- USD/CAD trades flat near 1.3950, holding below the 200-day EMA.
- DXY eases to 100.15 as softer US CPI data fuels rate cut speculation.
- Canada pushes to eliminate Trump-era tariffs ahead of potential trade talks with the United States.
The USD/CAD pair remains under pressure for the second consecutive day, trading flat near 1.3950 during Wednesday’s European trading hours. The pair is holding below the 200-day Exponential Moving Average (EMA), coinciding with a broader decline in the US Dollar (USD) following a weaker-than-expected Consumer Price Index (CPI) print on Tuesday.
The US Dollar Index (DXY) stabilized around 100.15 after briefly dipping to 99.81 on Wednesday, pulling back further from the one-month highs hit earlier this week on Monday. The initial optimism around US-China tariff relief has faded, with traders refocusing on the potential economic fallout from shifting trade dynamics. Meanwhile, softer inflation data sparks bets that the Federal Reserve (Fed) could resume its easing cycle, with markets now pricing in the possibility of two rate cuts later this year.
Geopolitical trade tensions also remain in focus after Canada’s Ambassador to the US, Kirsten Hillman, stated on May 12 that eliminating the “ruinous” tariffs imposed by the Trump administration is Canada’s top priority in any future trade talks. Hillman stressed that “no discussion to be had with the Americans without that being on the table from Canada’s perspective”, calling it the “starting point” for negotiations. The remarks underscore lingering trade friction between the two countries, adding a layer of uncertainty for the Canadian Dollar (CAD) amid broader US Dollar (USD) weakness.
On the commodities front, West Texas Intermediate (WTI) crude oil prices eased to $62.93 per barrel, trimming gains from the previous session. The decline was attributed to concerns over rising US crude inventories, as reported by the American Petroleum Institute, which indicated a 4.3 million barrel increase. This development has tempered the recent optimism driven by easing trade tensions and has implications for the Canadian Dollar, given Canada’s status as a major oil exporter.

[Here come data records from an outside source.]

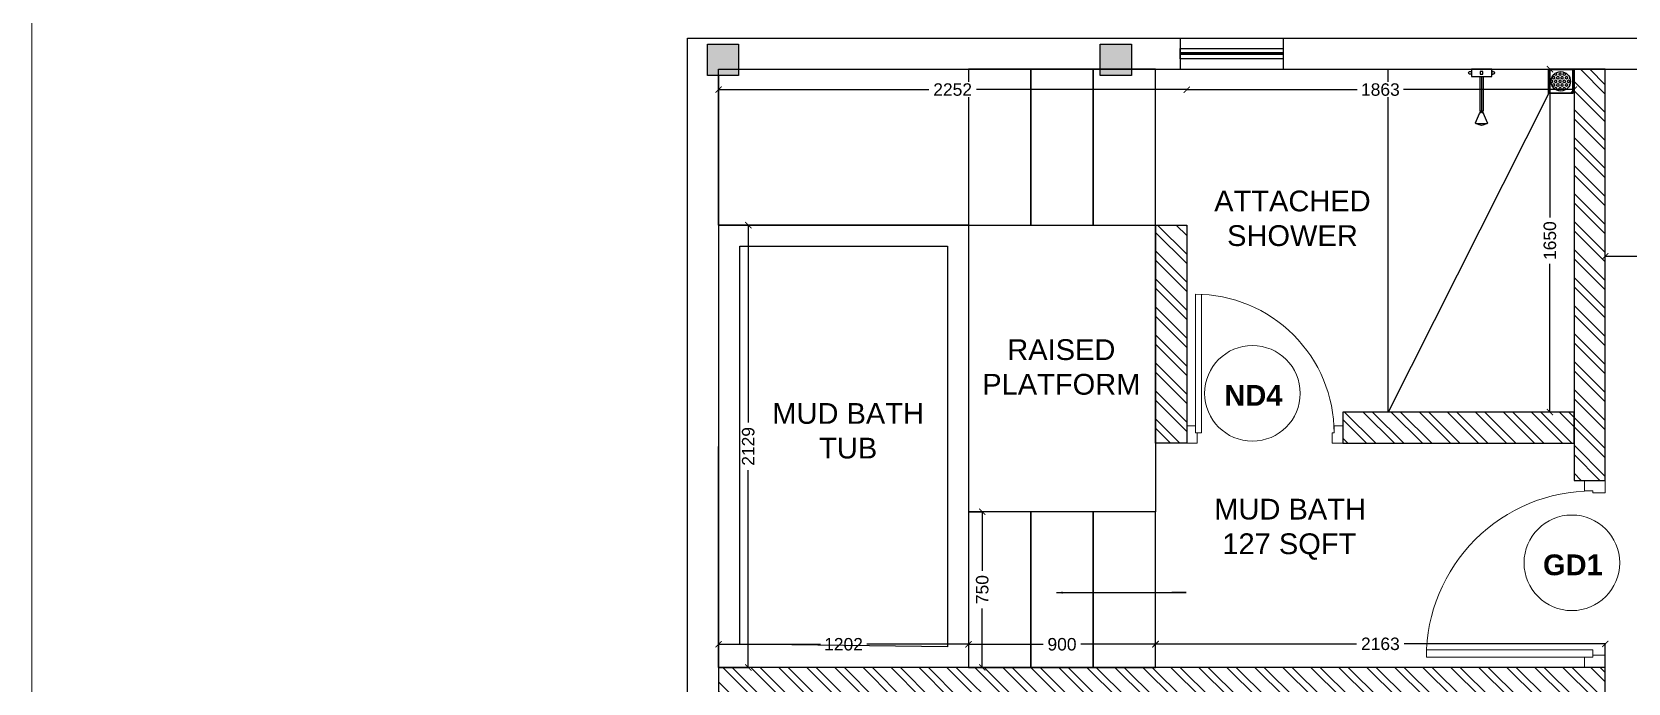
# Model space of a CAD drawing. Header units: millimetres. Extents: x 1464389 to 1998638, y -29162 to 256806.
# Drawn here: x 1615220 to 1622899, y 215355 to 218489 of the extents above; entities that cross this region are included whole.
import ezdxf

# ---------------------------------------------------------------- set-up
doc = ezdxf.new("R2010")
doc.units = ezdxf.units.MM
doc.header["$LTSCALE"] = 15
doc.header["$PDMODE"] = 35
doc.layers.get('0').update_dxf_attribs({"lineweight": 5})
for name, color, linetype in [('A-TEXT', 4, 'Continuous'), ('A-WNDW', 4, 'Continuous'), ('GFC Columns', 6, 'Continuous'), ('GFC Walls', 14, 'Continuous'), ('LS_DR_Washbasin', 165, 'Continuous'), ('NEW WALL', 5, 'Continuous'), ('Text', 250, 'Continuous'), ('Tile', 251, 'Continuous')]:
    doc.layers.add(name, color=color, linetype=linetype)
for name, color, linetype, lineweight in [('A-Walls', 1, 'Continuous', 30), ('dimension', 1, 'Continuous', 25), ('DOOR', 124, 'Continuous', 9), ('floor raising', 210, 'Continuous', 9), ('Hatch', 252, 'Continuous', 15), ('ledge wall line', 252, 'Continuous', 13)]:
    doc.layers.add(name, color=color, linetype=linetype, lineweight=lineweight)
doc.layers.add('Furnitures', color=7, linetype='Continuous', lineweight=25, true_color=0x753b00)
doc.layers.add('TEXTS', color=7, linetype='Continuous', true_color=0x636466)
doc.styles.add('ARIAL', font='arial.ttf')
doc.dimstyles.new('SC-25', dxfattribs={"dimtxt": 60, "dimasz": 30, "dimexe": 0, "dimexo": 0, "dimgap": 25, "dimtad": 0, "dimdec": 0, "dimzin": 0, "dimdsep": 46, "dimtxsty": 'ARIAL', "dimblk": 'ARCHTICK', "dimcen": 0.09, "dimdle": 3, "dimclrd": 251, "dimclre": 251, "dimclrt": 1, "dimadec": 0, "dimazin": 0, "dimtfac": 1, "dimtdec": 0, "dimtofl": 0, "dimtmove": 0, "dimatfit": 2, "dimfxl": 100, "dimtolj": 1, "dimtzin": 0, "dimarcsym": 0})

# ---------------------------------------------------------------- blocks, each defined once
blk = doc.blocks.new('_ArchTick')
at = {"color": 0, "linetype": 'ByBlock', "const_width": 0.15}
blk.add_lwpolyline([(-0.5, -0.5), (0.5, 0.5)], dxfattribs=at)
blk = doc.blocks.new('Z$W@#3D1C198D')
at = {"layer": 'LS_DR_Washbasin'}
for p, q in [((-15.17, 27.51), (-13.09, 22.61)), ((-14.98, 27.86), (-9.26, 27.86)), ((-9.03, 27.51), (-11.11, 22.61)), ((-11.27, 21.54), (-12.92, 21.54)), ((-12.92, 3.56), (-12.92, 21.54)), ((-12.1, 3.56), (-12.1, 21.54)), ((-11.27, 3.56), (-11.27, 21.54)), ((-12.1, 10.53), (-12.1, 12.42)), ((-17.33, 2.43), (-18.06, 2.43)), ((-18.06, 0.97), (-17.33, 0.97)), ((-17.33, 3.56), (-6.87, 3.56)), ((-17.33, -0.16), (-17.33, 3.56)), ((-17.33, 0.97), (-17.33, 2.43)), ((-12.83, 2.43), (-11.37, 2.43)), ((-12.83, 0.97), (-12.83, 2.43)), ((-11.37, 0.97), (-12.83, 0.97)), ((-11.37, 2.43), (-11.37, 0.97)), ((-6.87, 3.56), (-6.87, -0.16)), ((-6.87, 2.43), (-6.14, 2.43)), ((-6.87, 0.97), (-6.87, 2.43)), ((-6.14, 0.97), (-6.87, 0.97)), ((-6.87, -0.16), (-17.33, -0.16))]:
    blk.add_line(p, q, dxfattribs=at)
for centre, major_axis, start_param, end_param in [((-14.94, 27.61), (0.175, 0.175), 0.79391, 2.757406), ((-12.1, 25.79), (2.15, 2.15), 6.248859, 7.890647), ((-9.26, 27.61), (-0.175, 0.175), 3.526002, 5.489497), ((-12.33, 22.93), (0.583, 0.583), 2.757406, 3.935503), ((-12.1, 21.66), (-0.355, 0.355), 3.685936, 7.309861), ((-11.87, 22.93), (0.583, 0.583), 3.918701, 5.096798), ((-18.06, 1.7), (-0.516, 0.516), -0.785287, 2.356306), ((-6.14, 1.7), (-0.516, 0.516), 2.356306, 5.497898)]:
    blk.add_ellipse(centre, major_axis=major_axis, ratio=1, start_param=start_param, end_param=end_param, dxfattribs=at)
blk = doc.blocks.new('Z$W@#4FB1354E')
at = {"layer": 'LS_DR_Washbasin'}
h = blk.add_hatch(dxfattribs=at)
h.set_pattern_fill('HEX', color=256, scale=5, angle=360, style=0)
h.set_pattern_definition([(360, (3601.4866, -3857.5391), (7e-11, 1.08253175), [0.625, -1.25]), (120, (3601.4866, -3857.5391), (-0.9375, -0.54126588), [0.625, -1.25]), (60, (3602.1116, -3857.5391), (-0.9375, 0.54126588), [0.625, -1.25])])
edge = h.paths.add_edge_path()
edge.add_arc((-30.12, 10.96), 5, -90, 270, ccw=False)
for points in [[(-23.84, 4.68), (-36.34, 4.68), (-36.34, 17.18), (-23.84, 17.18)], [(-23.95, 4.79), (-36.23, 4.79), (-36.23, 17.06), (-23.95, 17.06)]]:
    blk.add_lwpolyline(points, close=True, dxfattribs=at)
blk.add_circle((-30.09, 10.93), 5, dxfattribs=at)
blk = doc.blocks.new('*D1882')
at = {"layer": 'Defpoints', "color": 0, "transparency": 16777216}
for p in [(1618523.8, 215541.4), (1619725.6, 215541.4), (1619725.6, 215541.4)]:
    blk.add_point(p, dxfattribs=at)
at = {"layer": 'Tile', "color": 251, "lineweight": -2, "transparency": 16777216}
for p, q in [((1618520.8, 215541.4), (1619013.2, 215541.4)), ((1619728.6, 215541.4), (1619236.2, 215541.4))]:
    blk.add_line(p, q, dxfattribs=at)
at = {"layer": 'Tile', "color": 251, "lineweight": -2, "transparency": 16777216, "xscale": 30, "yscale": 30, "zscale": 30, "rotation": 180}
blk.add_blockref('_ArchTick', (1618523.8, 215541.4), dxfattribs=at)
at = {"layer": 'Tile', "color": 251, "lineweight": -2, "transparency": 16777216, "xscale": 30, "yscale": 30, "zscale": 30}
blk.add_blockref('_ArchTick', (1619725.6, 215541.4), dxfattribs=at)
at = {"layer": 'Tile', "color": 1, "transparency": 16777216, "insert": (1619124.7, 215541.4), "char_height": 60, "attachment_point": 5, "style": 'ARIAL'}
blk.add_mtext('\\A1;1202', dxfattribs=at)
blk = doc.blocks.new('*D1883')
at = {"layer": 'Defpoints', "color": 0, "transparency": 16777216}
for p in [(1622638.6, 218309.5), (1622522.7, 216659.5), (1622638.6, 216659.5)]:
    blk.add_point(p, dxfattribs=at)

Looking ahead, market participants are turning their attention to a raft of high-impact US data due Thursday, including April’s Producer Price Index (PPI), Retail Sales, and weekly Initial Jobless Claims. Fed Chair Jerome Powell’s speech will also be closely watched for policy cues, especially amid growing speculation of a policy pivot.
Canadian Dollar FAQs
The key factors driving the Canadian Dollar (CAD) are the level of interest rates set by the Bank of Canada (BoC), the price of Oil, Canada’s largest export, the health of its economy, inflation and the Trade Balance, which is the difference between the value of Canada’s exports versus its imports. Other factors include market sentiment – whether investors are taking on more risky assets (risk-on) or seeking safe-havens (risk-off) – with risk-on being CAD-positive. As its largest trading partner, the health of the US economy is also a key factor influencing the Canadian Dollar.
The Bank of Canada (BoC) has a significant influence on the Canadian Dollar by setting the level of interest rates that banks can lend to one another. This influences the level of interest rates for everyone. The main goal of the BoC is to maintain inflation at 1-3% by adjusting interest rates up or down. Relatively higher interest rates tend to be positive for the CAD. The Bank of Canada can also use quantitative easing and tightening to influence credit conditions, with the former CAD-negative and the latter CAD-positive.
The price of Oil is a key factor impacting the value of the Canadian Dollar. Petroleum is Canada’s biggest export, so Oil price tends to have an immediate impact on the CAD value. Generally, if Oil price rises CAD also goes up, as aggregate demand for the currency increases. The opposite is the case if the price of Oil falls. Higher Oil prices also tend to result in a greater likelihood of a positive Trade Balance, which is also supportive of the CAD.
While inflation had always traditionally been thought of as a negative factor for a currency since it lowers the value of money, the opposite has actually been the case in modern times with the relaxation of cross-border capital controls. Higher inflation tends to lead central banks to put up interest rates which attracts more capital inflows from global investors seeking a lucrative place to keep their money. This increases demand for the local currency, which in Canada’s case is the Canadian Dollar.
Macroeconomic data releases gauge the health of the economy and can have an impact on the Canadian Dollar. Indicators such as GDP, Manufacturing and Services PMIs, employment, and consumer sentiment surveys can all influence the direction of the CAD. A strong economy is good for the Canadian Dollar. Not only does it attract more foreign investment but it may encourage the Bank of Canada to put up interest rates, leading to a stronger currency. If economic data is weak, however, the CAD is likely to fall.